DESCRIPTION OF THE TASK | Count the lines below that carry the word "name". Answer with that number alone.

- - -

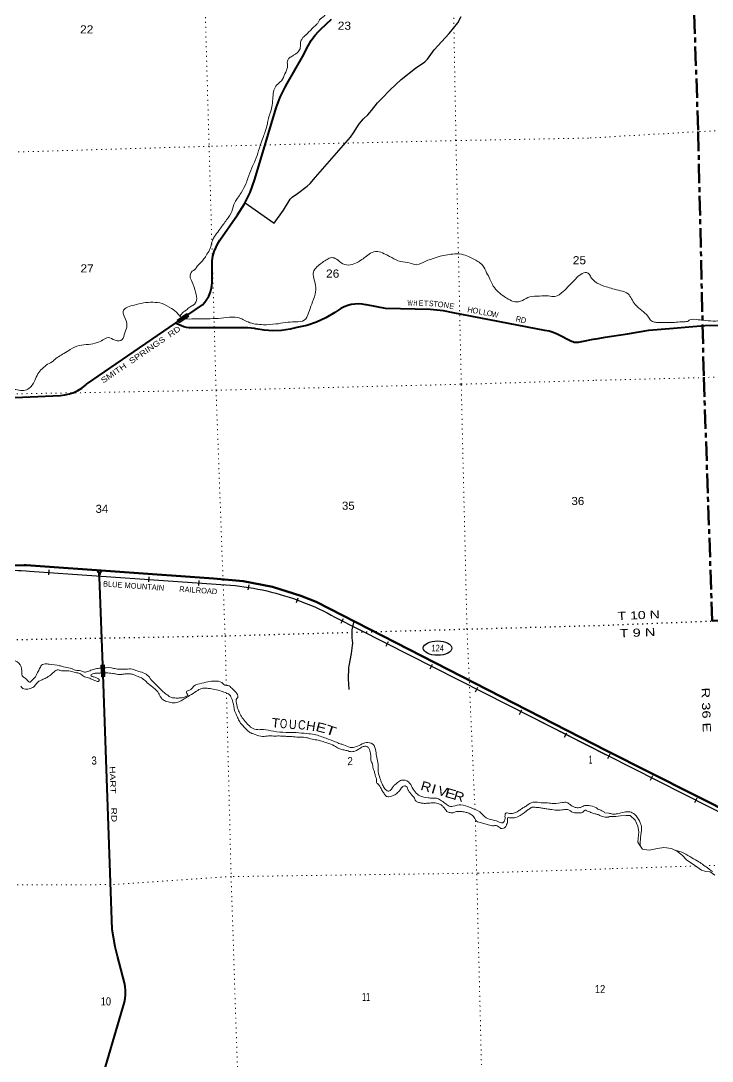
# Model space of a CAD drawing. Header units: feet. Extents: x 505285 to 763886, y -543582 to -353855.
# Drawn here: x 684430 to 699334, y -440132 to -417689 of the extents above; entities that cross this region are included whole.
import ezdxf
from ezdxf.enums import TextEntityAlignment as Align

# ---------------------------------------------------------------- set-up
doc = ezdxf.new("R2010")
doc.units = ezdxf.units.FT
doc.header["$LTSCALE"] = 70
doc.linetypes.add('DOTTED', pattern=[1.5, 0.3, -1.2])
doc.linetypes.add('LONG_DASH_SHORT_DASH', pattern=[9.9, 6, -1.2, 1.5, -1.2])
for name, color, linetype, lineweight in [('11', 7, 'LONG_DASH_SHORT_DASH', 60), ('17', 7, 'Continuous', 25), ('23', 7, 'Continuous', 70), ('26', 7, 'Continuous', 40), ('27', 7, 'Continuous', 13), ('29', 7, 'Continuous', 25), ('34', 7, 'Continuous', 25), ('39', 7, 'Continuous', 13), ('6', 7, 'DOTTED', 25), ('61', 7, 'Continuous', 13), ('7', 7, 'DOTTED', 13)]:
    doc.layers.add(name, color=color, linetype=linetype, lineweight=lineweight)
doc.layers.add('41', color=7, linetype='Continuous')

msp = doc.modelspace()

# ---------------------------------------------------------------- linework, layer by layer
at = {"layer": '11'}
msp.add_lwpolyline([(698478.3, -401486.49), (698569, -404190.05), (698714, -409478.05), (698855, -414777.05), (699031, -420081.05), (699153, -425378.05), (699334, -430634.05), (704574, -430345.05), (709871, -430171.05), (715170, -429986.05), (720518, -429837.05), (725809, -429695.05), (728649.32, -429608.68)], dxfattribs=at)
at = {"layer": '17'}
msp.add_ellipse((693414.18, -431222.01), major_axis=(-309.24, 1), ratio=0.500121, dxfattribs=at)
at = {"layer": '23'}
for points in [[(697066.12, -433437.36), (690799.6, -430222.03), (690468.91, -430089.99), (689853.28, -429900.49), (689221.2, -429776.38), (688579.62, -429719.03), (684545.99, -429431.6), (684499.57, -429430.14), (683315.74, -429457.37), (682930.61, -429473.34), (682903.77, -429474.14)], [(700816.48, -435325.09), (697066.12, -433437.36)]]:
    msp.add_lwpolyline(points, dxfattribs=at)
at = {"layer": '26'}
for p, q in [((687766.31, -424214.23), (688028.63, -424034.38)), ((686194.66, -431586.53), (686127, -429688.01))]:
    msp.add_line(p, q, dxfattribs=at)
for points in [[(688028.63, -424034.38), (688347.05, -423816.08), (688397.82, -423757.88), (688442.22, -423694.7), (688479.78, -423627.22), (688510.08, -423556.19), (688532.79, -423482.38), (688547.65, -423406.59), (688554.52, -423329.67), (688554.88, -423316.62), (688555.22, -422868.72), (688572.25, -422766.5), (688599.87, -422666.62), (688637.78, -422570.18), (688685.56, -422478.23), (688722.23, -422420.53), (689103.59, -421876.42), (689250.18, -421640.28), (689371.28, -421390.12), (689465.57, -421128.67), (689493.14, -421030.82), (689932.81, -419567.32), (690018.35, -419337.94), (690127.4, -419118.77), (690172.12, -419042.95), (690502.42, -418466.01), (690620.81, -418231.98), (690686.81, -418116.41), (690764.53, -418008.37), (690853.12, -417909.04), (690896.42, -417867.35), (691123.84, -417656.61)], [(696797.25, -424555.48), (696518.45, -424611.18), (696507.45, -424615.16), (696478.05, -424623.46), (696447.94, -424628.64), (696417.45, -424630.64), (696386.92, -424629.44), (696356.68, -424625.06), (696327.07, -424617.55), (696298.4, -424606.98), (696271, -424593.47), (696036.83, -424468.97), (695991.67, -424446.11), (695905.64, -424410.98), (695816.41, -424385.04), (695724.96, -424368.57), (693749.14, -423987.8), (693543.7, -423947.64), (693257.36, -423918.16), (692292.84, -423892.87), (691881.17, -423815.14), (691870.02, -423812.61), (691791.45, -423799.66), (691711.95, -423795.01), (691632.4, -423798.68), (691553.68, -423810.65), (691476.63, -423830.79), (691402.12, -423858.87), (691330.94, -423894.58), (691263.89, -423937.54), (691197.26, -423983.8), (691007.33, -424096.45), (690806.65, -424188.64), (690597.44, -424259.34), (690381.99, -424307.79), (690234.47, -424343.86), (690050.3, -424370.7), (689864.33, -424378.15), (689678.6, -424366.11), (689495.14, -424334.73), (689467.7, -424329.9), (689323.96, -424313.77), (689179.31, -424312.76), (688133.14, -424313.68), (688113.06, -424314.12), (688056.02, -424311.33), (687999.58, -424302.59), (687944.37, -424288), (687890.98, -424267.72), (687793.25, -424225.79), (687766.31, -424214.23)], [(696797.25, -424555.48), (697027, -424511.05), (697507, -424445.05), (697966, -424364.05), (698503, -424322.05), (698828, -424293.05), (699176, -424263.05), (699742, -424255.05), (700677, -424224.05), (701296, -424184.05), (701685.96, -424175.96)], [(683967.87, -425827.25), (685281.67, -425771.21), (685379.95, -425758.9), (685476.4, -425736.38), (685569.96, -425703.91), (685659.63, -425661.84), (685744.4, -425610.62), (685823.35, -425550.82), (685847.64, -425529.63), (687766.31, -424214.23)], [(686127, -429688.01), (686125.75, -429663.2), (686121.92, -429638.66), (686115.55, -429614.66), (686106.7, -429591.45), (686095.47, -429569.3), (686081.99, -429548.44), (686077.09, -429541.9)], [(686127, -429688.01), (686127.08, -429668.56), (686129.19, -429649.23), (686133.31, -429630.22), (686139.4, -429611.75), (686147.38, -429594.02), (686157.17, -429577.22), (686168.66, -429561.53), (686179.53, -429549.36)], [(684598.81, -447636.34), (684682.96, -446198.91), (684682.88, -446131.16), (684697.82, -445908.89), (684735.91, -445689.4), (685026.09, -444498.9), (685037.95, -444450.22), (685118.75, -444189.87), (685226.33, -443939.39), (685364.11, -443602.42), (685700.57, -442569.4), (685893.16, -441640.52), (685933.65, -441425.38), (686110.73, -440745.14), (686661.56, -438858.52), (686678.18, -438783.33), (686688.44, -438697.23), (686689.64, -438610.53), (686681.78, -438524.18), (686664.93, -438439.13), (686515.42, -437866.56), (686463.47, -437666.7), (686398.03, -437293.16), (686194.66, -431586.53)]]:
    msp.add_lwpolyline(points, dxfattribs=at)
at = {"layer": '29'}
for points in [[(693339.71, -418316.71), (693660.46, -417960.8), (693847.08, -417733.25), (693922.89, -417599.06)], [(690092.85, -421772.52), (690237.21, -421537.43), (690276.57, -421495.13), (690394.66, -421414.9), (690604.61, -421257.37), (690664.39, -421197.57), (690779.56, -421058.99), (691537.69, -420201.3), (691604.76, -420107.95), (691689.32, -419967.91), (691733.06, -419900.82), (691817.62, -419804.54), (691910.93, -419717.03), (691954.66, -419667.43), (691986.74, -419623.67), (692120.87, -419460.3), (692209.81, -419362.57), (692390.6, -419178.78), (692628.24, -418958.52), (692937.32, -418707.63), (693135.6, -418573.44), (693196.84, -418518), (693339.71, -418316.71)], [(689262.95, -421613.9), (689889.38, -422054.95), (690092.85, -421772.52)], [(691609.8, -430642.96), (691568.32, -430827.6), (691565.41, -430897.61), (691565.41, -430996.8), (691577.07, -431116.41), (691574.16, -431166.01), (691547.91, -431341.05), (691501.26, -431603.61), (691495.43, -431650.28), (691486.68, -431883.67), (691498.34, -432117.06)]]:
    msp.add_lwpolyline(points, dxfattribs=at)
at = {"layer": '34', "lineweight": 13}
for p, q in [((684617.53, -429559.2), (688952.94, -429866.04)), ((691201.83, -430553.08), (697048.64, -433527.2))]:
    msp.add_line(p, q, dxfattribs=at)
at = {"layer": '34'}
for p, q in [((685034.08, -429642.32), (685041.89, -429531.98)), ((686116.98, -429721.57), (686124.79, -429611.24)), ((687186.7, -429794.67), (687194.51, -429684.33)), ((688269.6, -429873.93), (688277.4, -429763.59)), ((689333.39, -429966.45), (689349.34, -429856.99)), ((690371.96, -430237.4), (690409.09, -430133.21)), ((691338.4, -430682.57), (691388.55, -430583.99)), ((692305, -431177.18), (692355.15, -431078.6)), ((693256.54, -431668.95), (693306.69, -431570.37)), ((694231.11, -432162.24), (694281.26, -432063.65)), ((695182.65, -432652.68), (695232.8, -432554.09)), ((696146.59, -433144.63), (696196.74, -433046.04)), ((697083.61, -433599.21), (697133.67, -433500.57)), ((698003.61, -434068.79), (698053.66, -433970.16)), ((698960.93, -434551.68), (699010.98, -434453.04))]:
    msp.add_line(p, q, dxfattribs=at)
for points in [[(684368.86, -429546.51), (684541.56, -429553.71), (684617.6, -429558.1), (688953.03, -429864.94), (689051.84, -429874.19), (689149.88, -429885.65), (689247.77, -429898.8), (689346.12, -429913.12), (689443.72, -429929.67), (689540.6, -429947.85), (689637.95, -429967.21), (689734.53, -429988.79), (689830.4, -430012.01), (689926.68, -430036.97), (690021.68, -430063.53), (690116.59, -430091.22), (690211.3, -430121.16), (690304.73, -430152.71), (690398.01, -430185.95), (690490.62, -430220.26), (690583.04, -430256.84), (690674.23, -430294.45), (690765.23, -430334.32), (690854.98, -430375.21), (690944.6, -430417.81), (691032.93, -430462), (691120.56, -430507.83), (691202.34, -430552.11), (697067.28, -433530.81)], [(697068.93, -433530.32), (700346.27, -435193.48)]]:
    msp.add_lwpolyline(points, dxfattribs=at)
at = {"layer": '34', "lineweight": 13}
msp.add_lwpolyline([(697059.77, -433526.9), (700345.78, -435194.46), (701555.99, -435812.64), (702579.01, -436273.48), (702813.37, -436325.02), (703468.89, -436360.5), (704051.9, -436388.01)], dxfattribs=at)
for centre, radius, start, end in [((684054.57, -439446.56), 9903.37, 86.74127, 95.18307), ((688456.97, -435513.66), 5669.36, 61.04277, 84.98121)]:
    msp.add_arc(centre, radius, start, end, dxfattribs=at)
at = {"layer": '39'}
for p, q in [((687884.58, -424022.85), (687855.51, -424058.36)), ((697022.97, -434773.12), (697106.63, -434778.87)), ((699309, -436028.05), (699309.74, -436028.49))]:
    msp.add_line(p, q, dxfattribs=at)
msp.add_lwpolyline([(697109.17, -434860.98), (697123.24, -434856.8), (697260, -434855.05), (697356, -434842.05), (697478, -434829.05), (697563, -434830.05), (697672, -434935.05), (697732, -435064.05), (697754, -435182.05), (697738, -435327.05), (697730, -435408.05), (697764, -435465.05), (697835, -435560.05), (697976, -435578.05), (698153, -435546.05), (698293, -435526.05), (698457, -435544.05), (698585, -435606.05), (698692, -435694.05), (698777, -435790.05), (699006, -435940.05), (699100, -436011.05), (699198, -436043.05), (699288, -436044.05), (699390, -436118.05)], dxfattribs=at)
for points in [[(687884.58, -424022.85), (687937.4, -423969.26), (687996.6, -423929.57), (688031.93, -423898.53), (688118.71, -423838.04), (688177.81, -423794.34), (688216.16, -423725.06), (688197.39, -423544.78), (688121.33, -423323.8), (688077.89, -423198.39), (688103.84, -423115.37), (688200.01, -423030.54), (688221.25, -422997.86), (688289.59, -422923.78), (688359.89, -422847.65), (688423.7, -422753.62), (688496.81, -422631.22), (688527.08, -422560.14), (688534, -422517.78), (688552.34, -422451.03), (688626.98, -422310.51), (688722.01, -422181.52), (688865.41, -421982.99), (688977.08, -421799.35), (689040.32, -421606.9), (689102.18, -421514.92), (689177.4, -421396.49), (689280.88, -421207.03), (689325.84, -421083.35), (689408.42, -420862.29), (689484.49, -420699.64), (689553.28, -420488.98), (689661.75, -420182.9), (689699.1, -420075.48), (689744.97, -419909.6), (689766.16, -419798.59), (689812.66, -419656.79), (689846.9, -419507.28), (689862.46, -419334.15), (689886.72, -419186.9), (689944.09, -419076.96), (690046.08, -418983.94), (690124.42, -418831.28), (690175.03, -418693.4), (690179.49, -418556.71), (690215.94, -418491.49), (690296.96, -418441.2), (690348.29, -418407.73), (690409.29, -418359.96), (690455.04, -418266.39), (690461.98, -418147.71), (690496.21, -418074.52), (690570.42, -417994.27), (690586.16, -417981.81), (690625.29, -417942.64), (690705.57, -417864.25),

- - -

OUTPUT FOR THIS TASK | 2